Buy some stick on beam benders... about £6 from the motor shop.


----------



## Rapide561 (Oct 1, 2005)

*Headlights*

Hi

Try Peter Hamilton Engineering, somewhere near Blackpool.

I thought I had the web address somewhere, but ....

Rapide561


----------



## Rapide561 (Oct 1, 2005)

*Web site*

Hi

Found it - the web site that is!

http://www.friendlyhippo.co.uk/hymerdirect/aboutus.html

Rapide561


----------



## 97993 (Mar 5, 2006)

For the purpose of the MOT Test a mask or converter that removes the right hand kick off is permitted. the horzontal beam that is left is used to check aim
section 1.6 page 1 of the 2006 testers guide,
the section refers to temporary use in the uk ,as the mot test is only valid for the day and time of inspection the converter can be removed if reqd afterwards, but you may find yourself in breach of construction and use regs
these have nothing to do with the MOT test and can contradict each other
as they often do
hope this helps Geo


----------



## sheringham (Mar 24, 2006)

*MOT LHD lights*

Hi
My 2001 LHD MH is MOT tested and tape masking is placed over the light to comply.

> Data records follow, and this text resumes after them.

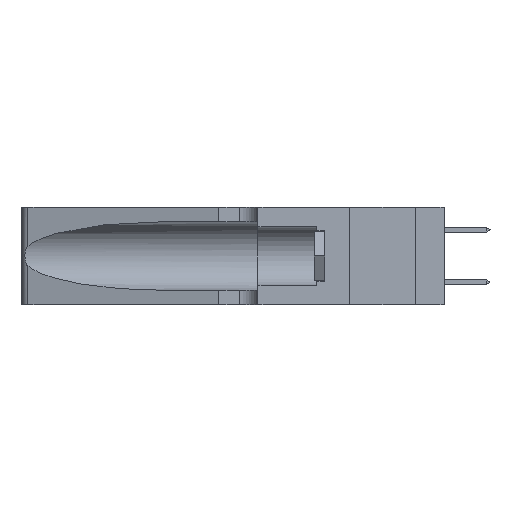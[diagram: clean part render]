
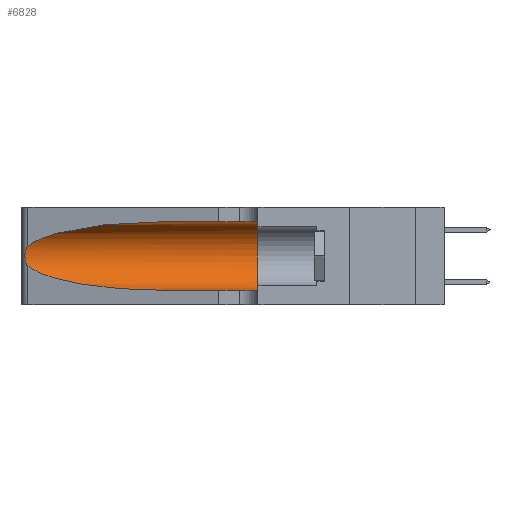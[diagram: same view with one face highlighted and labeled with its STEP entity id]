
A CAD part, left-side view. The second image highlights one B-rep face of the part: STEP entity #6828.
In plain terms, the highlighted cylindrical face has radius 3.308 mm (diameter 6.617 mm), a partial arc.
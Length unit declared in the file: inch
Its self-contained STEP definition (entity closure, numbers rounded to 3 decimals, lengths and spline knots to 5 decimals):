
#1082 = CARTESIAN_POINT ( 'NONE',  ( 0.1305, 0.35, 0.05475 ) ) ;
#1186 = AXIS2_PLACEMENT_3D ( 'NONE', #34761, #2963, #37955 ) ;
#2546 = ORIENTED_EDGE ( 'NONE', *, *, #20605, .T. ) ;
#2726 = EDGE_CURVE ( 'NONE', #40042, #22716, #6680, .T. ) ;
#2892 = CARTESIAN_POINT ( 'NONE',  ( 0.18966, 0.96281, 0.31525 ) ) ;
#2963 = DIRECTION ( 'NONE',  ( 0., 1., 0. ) ) ;
#5249 = DIRECTION ( 'NONE',  ( 0., -1., 0. ) ) ;
#5570 = CARTESIAN_POINT ( 'NONE',  ( 0.25789, 1.23486, 0.15765 ) ) ;
#6371 = ORIENTED_EDGE ( 'NONE', *, *, #37269, .T. ) ;
#6680 = B_SPLINE_CURVE_WITH_KNOTS ( 'NONE', 3,
 ( #40936, #31608, #15029, #15435, #37324, #40532, #21431, #34421, #21845, #24647, #5570, #12223, #15171, #34571 ),
 .UNSPECIFIED., .F., .F.,
 ( 4, 2, 2, 2, 2, 2, 4 ),
 ( 0., 0.00027, 0.00053, 0.00107, 0.0016, 0.00187, 0.00214 ),
 .UNSPECIFIED. ) ;
#6828 = ADVANCED_FACE ( 'NONE', ( #26156 ), #30638, .F. ) ;
#7361 = EDGE_LOOP ( 'NONE', ( #6371, #29748, #2546, #30114, #24001, #19992 ) ) ;
#7747 = CARTESIAN_POINT ( 'NONE',  ( 0.1305, 0.72297, 0.05475 ) ) ;
#9229 = EDGE_CURVE ( 'NONE', #9843, #36279, #20309, .T. ) ;
#9843 = VERTEX_POINT ( 'NONE', #7747 ) ;
#11021 = CARTESIAN_POINT ( 'NONE',  ( 0.25487, 1.22718, 0.14631 ) ) ;
#12223 = CARTESIAN_POINT ( 'NONE',  ( 0.25639, 1.23186, 0.15144 ) ) ;
#12497 = CARTESIAN_POINT ( 'NONE',  ( 0.25487, 1.22718, 0.22369 ) ) ;
#15029 = CARTESIAN_POINT ( 'NONE',  ( 0.25639, 1.23184, 0.21858 ) ) ;
#15171 = CARTESIAN_POINT ( 'NONE',  ( 0.25555, 1.22993, 0.14849 ) ) ;
#15435 = CARTESIAN_POINT ( 'NONE',  ( 0.25787, 1.23484, 0.2124 ) ) ;
#15729 = CARTESIAN_POINT ( 'NONE',  ( 0.1305, 0.72297, 0.31525 ) ) ;
#18313 = AXIS2_PLACEMENT_3D ( 'NONE', #24337, #5249, #21402 ) ;
#18415 =( BOUNDED_CURVE ( )  B_SPLINE_CURVE ( 3, ( #18659, #34576, #37745, #18508 ),
 .UNSPECIFIED., .F., .T. ) 
 B_SPLINE_CURVE_WITH_KNOTS ( ( 4, 4 ),
 ( 3.44316, 4.71239 ),
 .UNSPECIFIED. ) 
 CURVE ( )  GEOMETRIC_REPRESENTATION_ITEM ( )  RATIONAL_B_SPLINE_CURVE ( ( 1., 0.87, 0.87, 1. ) ) 
 REPRESENTATION_ITEM ( '' )  );
#18508 = CARTESIAN_POINT ( 'NONE',  ( 0.1305, 0.72297, 0.05475 ) ) ;
#18659 = CARTESIAN_POINT ( 'NONE',  ( 0.25487, 1.22718, 0.14631 ) ) ;
#19992 = ORIENTED_EDGE ( 'NONE', *, *, #32836, .F. ) ;
#20309 = LINE ( 'NONE', #23868, #36294 ) ;
#20605 = EDGE_CURVE ( 'NONE', #22716, #9843, #18415, .T. ) ;
#20799 = DIRECTION ( 'NONE',  ( 0., -1., 0. ) ) ;
#21402 = DIRECTION ( 'NONE',  ( 0., 0., -1. ) ) ;
#21431 = CARTESIAN_POINT ( 'NONE',  ( 0.26075, 1.23896, 0.19203 ) ) ;
#21845 = CARTESIAN_POINT ( 'NONE',  ( 0.26017, 1.23833, 0.17102 ) ) ;
#21975 = CARTESIAN_POINT ( 'NONE',  ( 0.1305, 0.72297, 0.31525 ) ) ;
#22092 = VERTEX_POINT ( 'NONE', #15729 ) ;
#22568 = CIRCLE ( 'NONE', #1186, 0.13025 ) ;
#22716 = VERTEX_POINT ( 'NONE', #11021 ) ;
#23868 = CARTESIAN_POINT ( 'NONE',  ( 0.1305, 1.61858, 0.05475 ) ) ;
#24001 = ORIENTED_EDGE ( 'NONE', *, *, #28684, .F. ) ;
#24252 = LINE ( 'NONE', #39759, #24771 ) ;
#24337 = CARTESIAN_POINT ( 'NONE',  ( 0.1305, 1.61858, 0.185 ) ) ;
#24647 = CARTESIAN_POINT ( 'NONE',  ( 0.25856, 1.23593, 0.16098 ) ) ;
#24771 = VECTOR ( 'NONE', #27250, 39.37008 ) ;
#25360 = CARTESIAN_POINT ( 'NONE',  ( 0.1305, 0.35, 0.31525 ) ) ;
#26156 = FACE_OUTER_BOUND ( 'NONE', #7361, .T. ) ;
#27250 = DIRECTION ( 'NONE',  ( 0., -1., 0. ) ) ;
#28684 = EDGE_CURVE ( 'NONE', #36732, #36279, #22568, .T. ) ;
#29748 = ORIENTED_EDGE ( 'NONE', *, *, #2726, .T. ) ;
#30114 = ORIENTED_EDGE ( 'NONE', *, *, #9229, .T. ) ;
#30638 = CYLINDRICAL_SURFACE ( 'NONE', #18313, 0.13025 ) ;
#31608 = CARTESIAN_POINT ( 'NONE',  ( 0.25555, 1.22994, 0.2215 ) ) ;
#32836 = EDGE_CURVE ( 'NONE', #22092, #36732, #24252, .T. ) ;
#34421 = CARTESIAN_POINT ( 'NONE',  ( 0.26075, 1.23896, 0.178 ) ) ;
#34571 = CARTESIAN_POINT ( 'NONE',  ( 0.25487, 1.22718, 0.14631 ) ) ;
#34576 = CARTESIAN_POINT ( 'NONE',  ( 0.2373, 1.15595, 0.08982 ) ) ;
#34761 = CARTESIAN_POINT ( 'NONE',  ( 0.1305, 0.35, 0.185 ) ) ;
#36279 = VERTEX_POINT ( 'NONE', #1082 ) ;
#36294 = VECTOR ( 'NONE', #20799, 39.37008 ) ;
#36732 = VERTEX_POINT ( 'NONE', #25360 ) ;
#37074 =( BOUNDED_CURVE ( )  B_SPLINE_CURVE ( 3, ( #21975, #2892, #40776, #12497 ),
 .UNSPECIFIED., .F., .F. ) 
 B_SPLINE_CURVE_WITH_KNOTS ( ( 4, 4 ),
 ( 1.5708, 2.84003 ),
 .UNSPECIFIED. ) 
 CURVE ( )  GEOMETRIC_REPRESENTATION_ITEM ( )  RATIONAL_B_SPLINE_CURVE ( ( 1., 0.87, 0.87, 1. ) ) 
 REPRESENTATION_ITEM ( '' )  );
#37269 = EDGE_CURVE ( 'NONE', #22092, #40042, #37074, .T. ) ;
#37324 = CARTESIAN_POINT ( 'NONE',  ( 0.25854, 1.2359, 0.20912 ) ) ;
#37745 = CARTESIAN_POINT ( 'NONE',  ( 0.18966, 0.96281, 0.05475 ) ) ;
#37955 = DIRECTION ( 'NONE',  ( 0., 0., 1. ) ) ;
#39759 = CARTESIAN_POINT ( 'NONE',  ( 0.1305, 1.61858, 0.31525 ) ) ;
#40042 = VERTEX_POINT ( 'NONE', #40392 ) ;
#40392 = CARTESIAN_POINT ( 'NONE',  ( 0.25487, 1.22718, 0.22369 ) ) ;
#40532 = CARTESIAN_POINT ( 'NONE',  ( 0.26018, 1.23835, 0.19895 ) ) ;
#40776 = CARTESIAN_POINT ( 'NONE',  ( 0.2373, 1.15595, 0.28018 ) ) ;
#40936 = CARTESIAN_POINT ( 'NONE',  ( 0.25487, 1.22718, 0.22369 ) ) ;
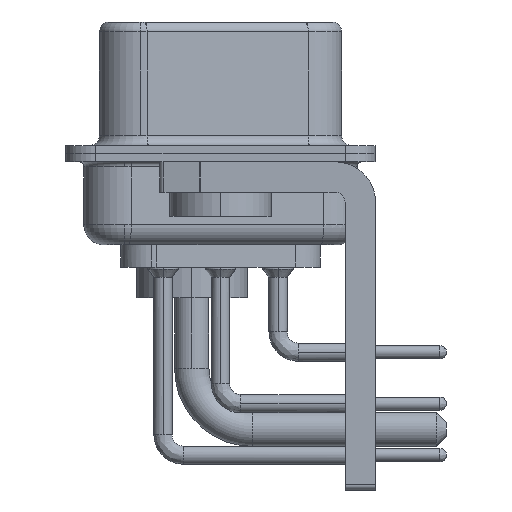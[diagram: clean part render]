
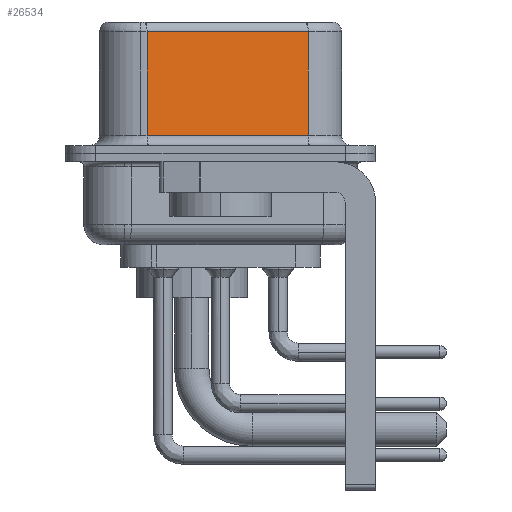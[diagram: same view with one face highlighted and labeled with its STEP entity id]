
A CAD part, left-side view. The second image highlights one B-rep face of the part: STEP entity #26534.
In plain terms, the highlighted planar face has unit normal (-0.985, -0.174, 0).
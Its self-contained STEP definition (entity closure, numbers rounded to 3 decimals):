
#437 = CARTESIAN_POINT ( 'NONE',  ( 5.132, -4.322, 6.52 ) ) ;
#2149 = ORIENTED_EDGE ( 'NONE', *, *, #19214, .F. ) ;
#3710 = DIRECTION ( 'NONE',  ( 0., 0., -1. ) ) ;
#5912 = DIRECTION ( 'NONE',  ( 0.174, -0.985, 0. ) ) ;
#5950 = DIRECTION ( 'NONE',  ( -0.174, 0.985, 0. ) ) ;
#6051 = VECTOR ( 'NONE', #3710, 1000. ) ;
#6529 = CARTESIAN_POINT ( 'NONE',  ( 3.73, 3.628, 6.52 ) ) ;
#8190 = CARTESIAN_POINT ( 'NONE',  ( 5.132, -4.322, 0.9 ) ) ;
#8741 = CARTESIAN_POINT ( 'NONE',  ( 5.132, -4.322, 6.02 ) ) ;
#8920 = LINE ( 'NONE', #8190, #29751 ) ;
#9171 = LINE ( 'NONE', #6529, #6051 ) ;
#9231 = EDGE_LOOP ( 'NONE', ( #2149, #24445, #20763, #23946 ) ) ;
#11381 = CARTESIAN_POINT ( 'NONE',  ( 5.132, -4.322, 0.9 ) ) ;
#11599 = CARTESIAN_POINT ( 'NONE',  ( 5.132, -4.322, 6.02 ) ) ;
#11844 = LINE ( 'NONE', #25921, #34913 ) ;
#11926 = DIRECTION ( 'NONE',  ( 0.985, 0.174, 0. ) ) ;
#14970 = LINE ( 'NONE', #11599, #15574 ) ;
#15120 = PLANE ( 'NONE',  #26823 ) ;
#15574 = VECTOR ( 'NONE', #5950, 1000. ) ;
#19214 = EDGE_CURVE ( 'NONE', #36116, #24547, #11844, .T. ) ;
#20657 = DIRECTION ( 'NONE',  ( 0., 0., -1. ) ) ;
#20705 = CARTESIAN_POINT ( 'NONE',  ( 3.73, 3.628, 0.9 ) ) ;
#20763 = ORIENTED_EDGE ( 'NONE', *, *, #28717, .T. ) ;
#23171 = EDGE_CURVE ( 'NONE', #29168, #24547, #8920, .T. ) ;
#23384 = DIRECTION ( 'NONE',  ( -0.174, 0.985, 0. ) ) ;
#23946 = ORIENTED_EDGE ( 'NONE', *, *, #23171, .T. ) ;
#24445 = ORIENTED_EDGE ( 'NONE', *, *, #34206, .T. ) ;
#24547 = VERTEX_POINT ( 'NONE', #11381 ) ;
#25921 = CARTESIAN_POINT ( 'NONE',  ( 5.132, -4.322, 6.52 ) ) ;
#26534 = ADVANCED_FACE ( 'NONE', ( #29023 ), #15120, .F. ) ;
#26823 = AXIS2_PLACEMENT_3D ( 'NONE', #437, #11926, #23384 ) ;
#28717 = EDGE_CURVE ( 'NONE', #37161, #29168, #9171, .T. ) ;
#29023 = FACE_OUTER_BOUND ( 'NONE', #9231, .T. ) ;
#29168 = VERTEX_POINT ( 'NONE', #20705 ) ;
#29751 = VECTOR ( 'NONE', #5912, 1000. ) ;
#33735 = CARTESIAN_POINT ( 'NONE',  ( 3.73, 3.628, 6.02 ) ) ;
#34206 = EDGE_CURVE ( 'NONE', #36116, #37161, #14970, .T. ) ;
#34913 = VECTOR ( 'NONE', #20657, 1000. ) ;
#36116 = VERTEX_POINT ( 'NONE', #8741 ) ;
#37161 = VERTEX_POINT ( 'NONE', #33735 ) ;

I remove same as soon as I leave the garage, with the Cert, In the UK i run on depressed lights. The only aspect which has been retained is the additional fog lamp which is needed to comply with UK requirements.
Following year they replace it!!


----------



## charlieivan (Apr 25, 2006)

*hymer headlights*

If your 644 is new shape with round headlights then answer is simple. Loosen the three screws at back of light fitting and rotate light fitting to RHD setting and then re-tighten screws.


----------



## Sundial (May 11, 2005)

*LHD Hymer MOT*

Our 694 , Fiat based Hymer has left hand lights - we use the stick on beam benders bought on the ferry from France for German machines. WE have passed Two MOT's with these. However, we are having to replace both headlights because one is full of water :? We sourced replacement but Right hand lights at O'Leary's Motorhomes, Near Beverley which are the same make as the originals, 1990 model. (This will be simpler than trying to obtain a replacement from Germany). They were very helpful - you will find them listed at the back of MMM etc. Hope this helps.

Sundial


----------



## takeaflight (May 9, 2005)

Hope this may help


----------



## takeaflight (May 9, 2005)

Oh and this one


----------



## Dave757 (May 12, 2005)

this is not easy! got two screws ok but the third just could not reach, my MOT man did it whilst up on the lift,you can then get a full stretch at it!!


----------



## Sausagemaker (Feb 14, 2006)

I managed to get a pair of new headlights off ebay for £125 for the pair, I know it wasn't particularly cheap but I now have an MOT :lol: 


Franco


----------



## Dave757 (May 12, 2005)

I guess we all thought you had the twin BMW headlights.must be the older one piece job.


----------